An additional limitation for which there is no proposed solution is that there’s no way for the name-based attributes on Row to be automatically typed, so these continue to be typed as Any (e.g. row.x and row.y for the above example). With current language features, this could only be fixed by having an explicit class-based construct that allows one to compose an explicit Row with explicit fields up front, which would be verbose and not automatic.

#10635

Asyncio “greenlet” dependency no longer installs by default

SQLAlchemy 1.4 and 2.0 used a complex expression to determine if the greenlet dependency, needed by the asyncio extension, could be installed from pypi using a pre-built wheel instead of having to build from source. This because the source build of greenlet is not always trivial on some platforms.

Disadvantages to this approach included that SQLAlchemy needed to track exactly which versions of greenlet were published as wheels on pypi; the setup expression led to problems with some package management tools such as poetry; it was not possible to install SQLAlchemy without greenlet being installed, even though this is completely feasible if the asyncio extension is not used.

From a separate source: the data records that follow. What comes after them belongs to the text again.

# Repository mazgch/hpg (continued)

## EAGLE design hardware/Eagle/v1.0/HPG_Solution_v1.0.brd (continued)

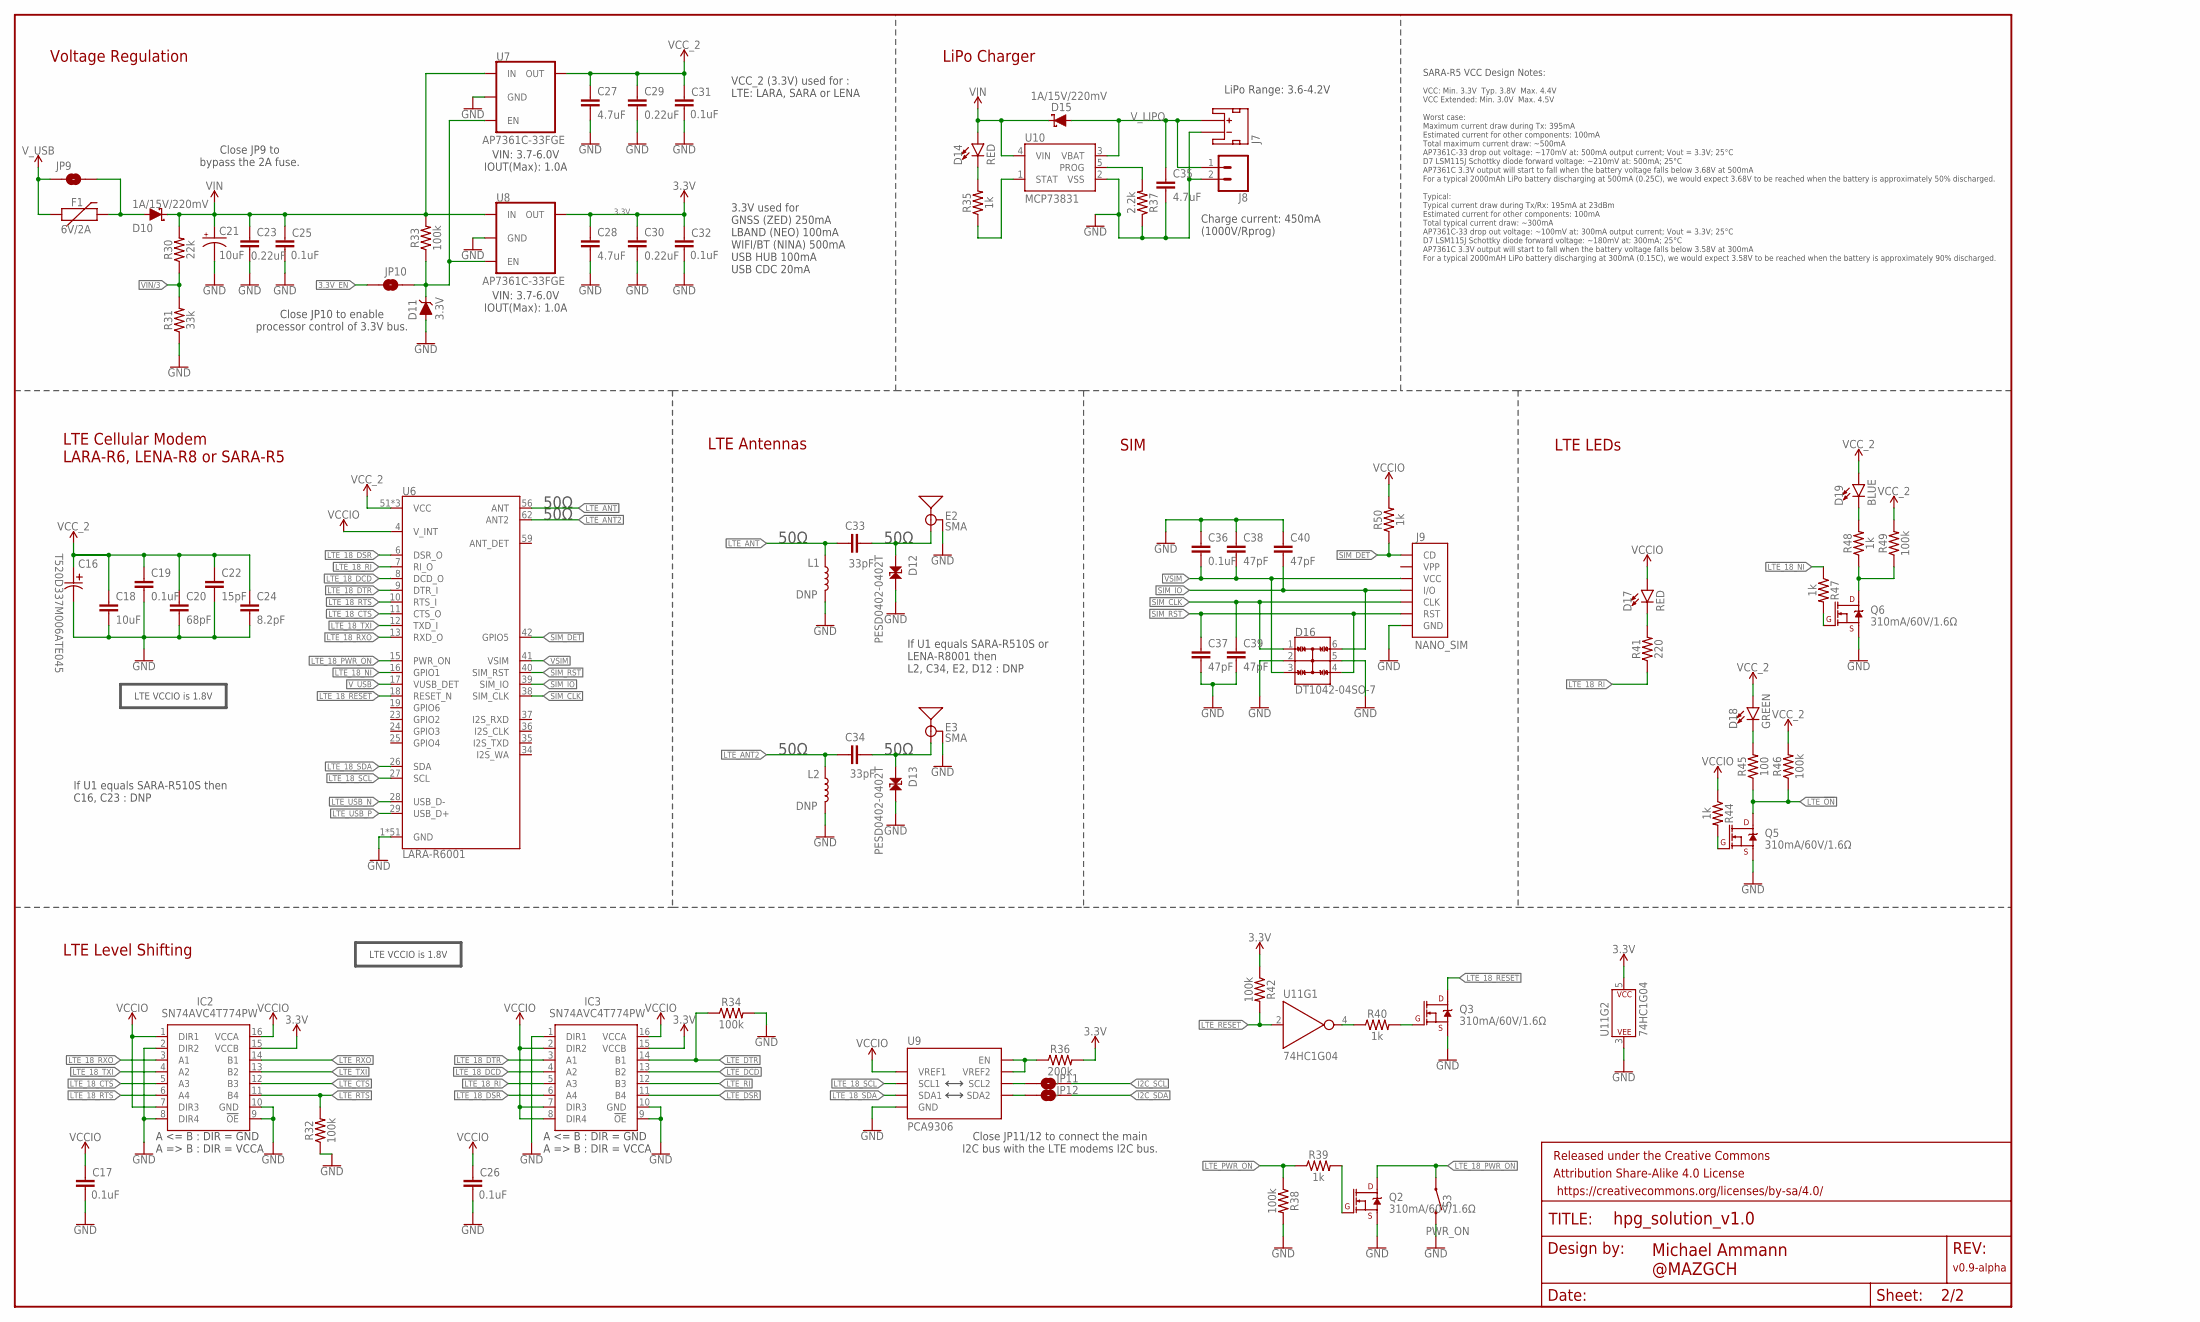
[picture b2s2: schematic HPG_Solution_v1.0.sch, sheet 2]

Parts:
C16: T520D337M006ATE045; CAPMP7.6X4.3_3.1N_KEM
C17, C19, C25, C26, C31, C32, C36: 0.1uF; 0603
C18: 10uF; 0603
C20: 68pF; 0603@1
C21: 10uF; EIA3216
C22: 15pF; 0603
C23, C29, C30: 0.22uF; 0603
C24: 8.2pF; 0603
C27, C28, C35: 4.7uF; 0603
C33, C34: 33pF; 0402
C37, C38, C39, C40: 47pF; 0603
D10, D15: 1A/15V/220mV; DO-214BA
D11: 3.3V; SOD-323
D12, D13: PESD0402-0402T; 0402-TIGHT
D14, D17: RED; LED-0603
D16: DT1042-04SO-7; SOT23-6L
D18: GREEN; LED-0603
D19: BLUE; LED-0603
E2, E3: SMA; SMA-EDGE
F1: 6V/2A; 1210
FRAME3: FRAME-LEDGER; CREATIVE_COMMONS
IC2, IC3: SN74AVC4T774PW; SOP65P640X120-16N
J7: JST_2MM_MALE; JST-2-SMD
J8: CONN_021X02_NO_SILK; 1X02_NO_SILK
J9: NANO_SIM; NANO_SIM_PP
JP9, JP10, JP11, JP12: JUMPER-SMT_2_NO_SILK; SMT-JUMPER_2_NO_SILK
L1, L2: DNP; 0402_COILCRAFT
Q2, Q3, Q5, Q6: 310mA/60V/1.6Ω; SOT323
R30: 22k; 0603
R31: 33k; 0603
R32, R33, R34, R38, R42, R46, R49: 100k; 0603
R35, R39, R40, R44, R47, R48, R50: 1k; 0603
R36: 200k; 0603
R37: 2.2k; 0603
R41: 220; 0603
R45: 100; 0603
S3: PWR_ON; TACTILE_SWITCH_SMD_5.2MM
U6: LARA-R6001; LARA-LGA
U7, U8: AP7361C-33FGE; UDFN-8
U9: PCA9306; VSSOP_8PIN
U10: MCP73831; SOT23-5
U11: 74HC1G04; SOT353

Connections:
3.3V: C28.1, C30.1, C32.1, IC2.15 (VCCB), IC3.15 (VCCB), R36.2, R42.1, U8.1 (OUT), U11.5 (P$V+); also elsewhere on the board
3.3V_EN: JP10.1; also elsewhere on the board
CHG_LED: R35.1, U10.1 (STAT)
GND: C16.2, C17.2, C18.2, C19.2, C20.2, C21.-, C22.2, C23.2, C24.2, C25.2, C26.2, C27.2, C28.2, C29.2, C30.2, C31.2, C32.2, C35.2, C36.1, C37.2, C38.1, C39.2, C40.1, D11.A, D12.2, D13.2, D16.2, D16.5, E2.GND@0 (GND), E2.GND@1 (GND), E2.GND@2 (GND), E2.GND@3 (GND), E3.GND@0 (GND), E3.GND@1 (GND), E3.GND@2 (GND), E3.GND@3 (GND), IC2.2 (DIR2), IC2.8 (DIR4), IC2.9 (!OE), IC2.10 (GND), IC3.1 (DIR1), IC3.9 (!OE), IC3.10 (GND), J7.1 (-), J8.2, J9.A1 (GND), J9.A2 (GND), J9.A3 (GND), J9.A4 (GND), J9.C5 (GND), L1.P$2 (2), L2.P$2 (2), Q2.2 (S), Q3.2 (S), Q5.2 (S), Q6.2 (S), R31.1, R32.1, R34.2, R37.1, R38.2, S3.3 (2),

These problems are all solved by keeping greenlet entirely within the [asyncio] target. The only downside is that users of the asyncio extension need to be aware of this extra installation dependency.

#10197

ORM Relationship allows callable for back_populates

To help produce code that is more amenable to IDE-level linting and type checking, the relationship.back_populates parameter now accepts both direct references to a class-bound attribute as well as lambdas which do the same:

class A(Base):
    __tablename__ = "a"

    id: Mapped[int] = mapped_column(primary_key=True)

    # use a lambda: to link to B.a directly when it exists
    bs: Mapped[list[B]] = relationship(back_populates=lambda: B.a)


class B(Base):
    __tablename__ = "b"
    id: Mapped[int] = mapped_column(primary_key=True)
    a_id: Mapped[int] = mapped_column(ForeignKey("a.id"))

    # A.bs already exists, so can link directly
    a: Mapped[A] = relationship(back_populates=A.bs)

#10050

Potential breaking change to odbc_connect= handling for mssql+pyodbc

Fixed a mssql+pyodbc issue where valid plus signs in an already-unquoted odbc_connect= (raw DBAPI) connection string were replaced with spaces.

Previously, the pyodbc connector would always pass the odbc_connect value to unquote_plus(), even if it was not required. So, if the (unquoted) odbc_connect value contained PWD=pass+word that would get changed to PWD=pass word, and the login would fail. One workaround was to quote just the plus sign — PWD=pass%2Bword — which would then get unquoted to PWD=pass+word.

Implementations using the above workaround with URL.create() to specify a plus sign in the PWD= argument of an odbc_connect string will have to remove the workaround and just pass the PWD= value as it would appear in a valid ODBC connection string (i.e., the same as would be required if using the connection string directly with pyodbc.connect()).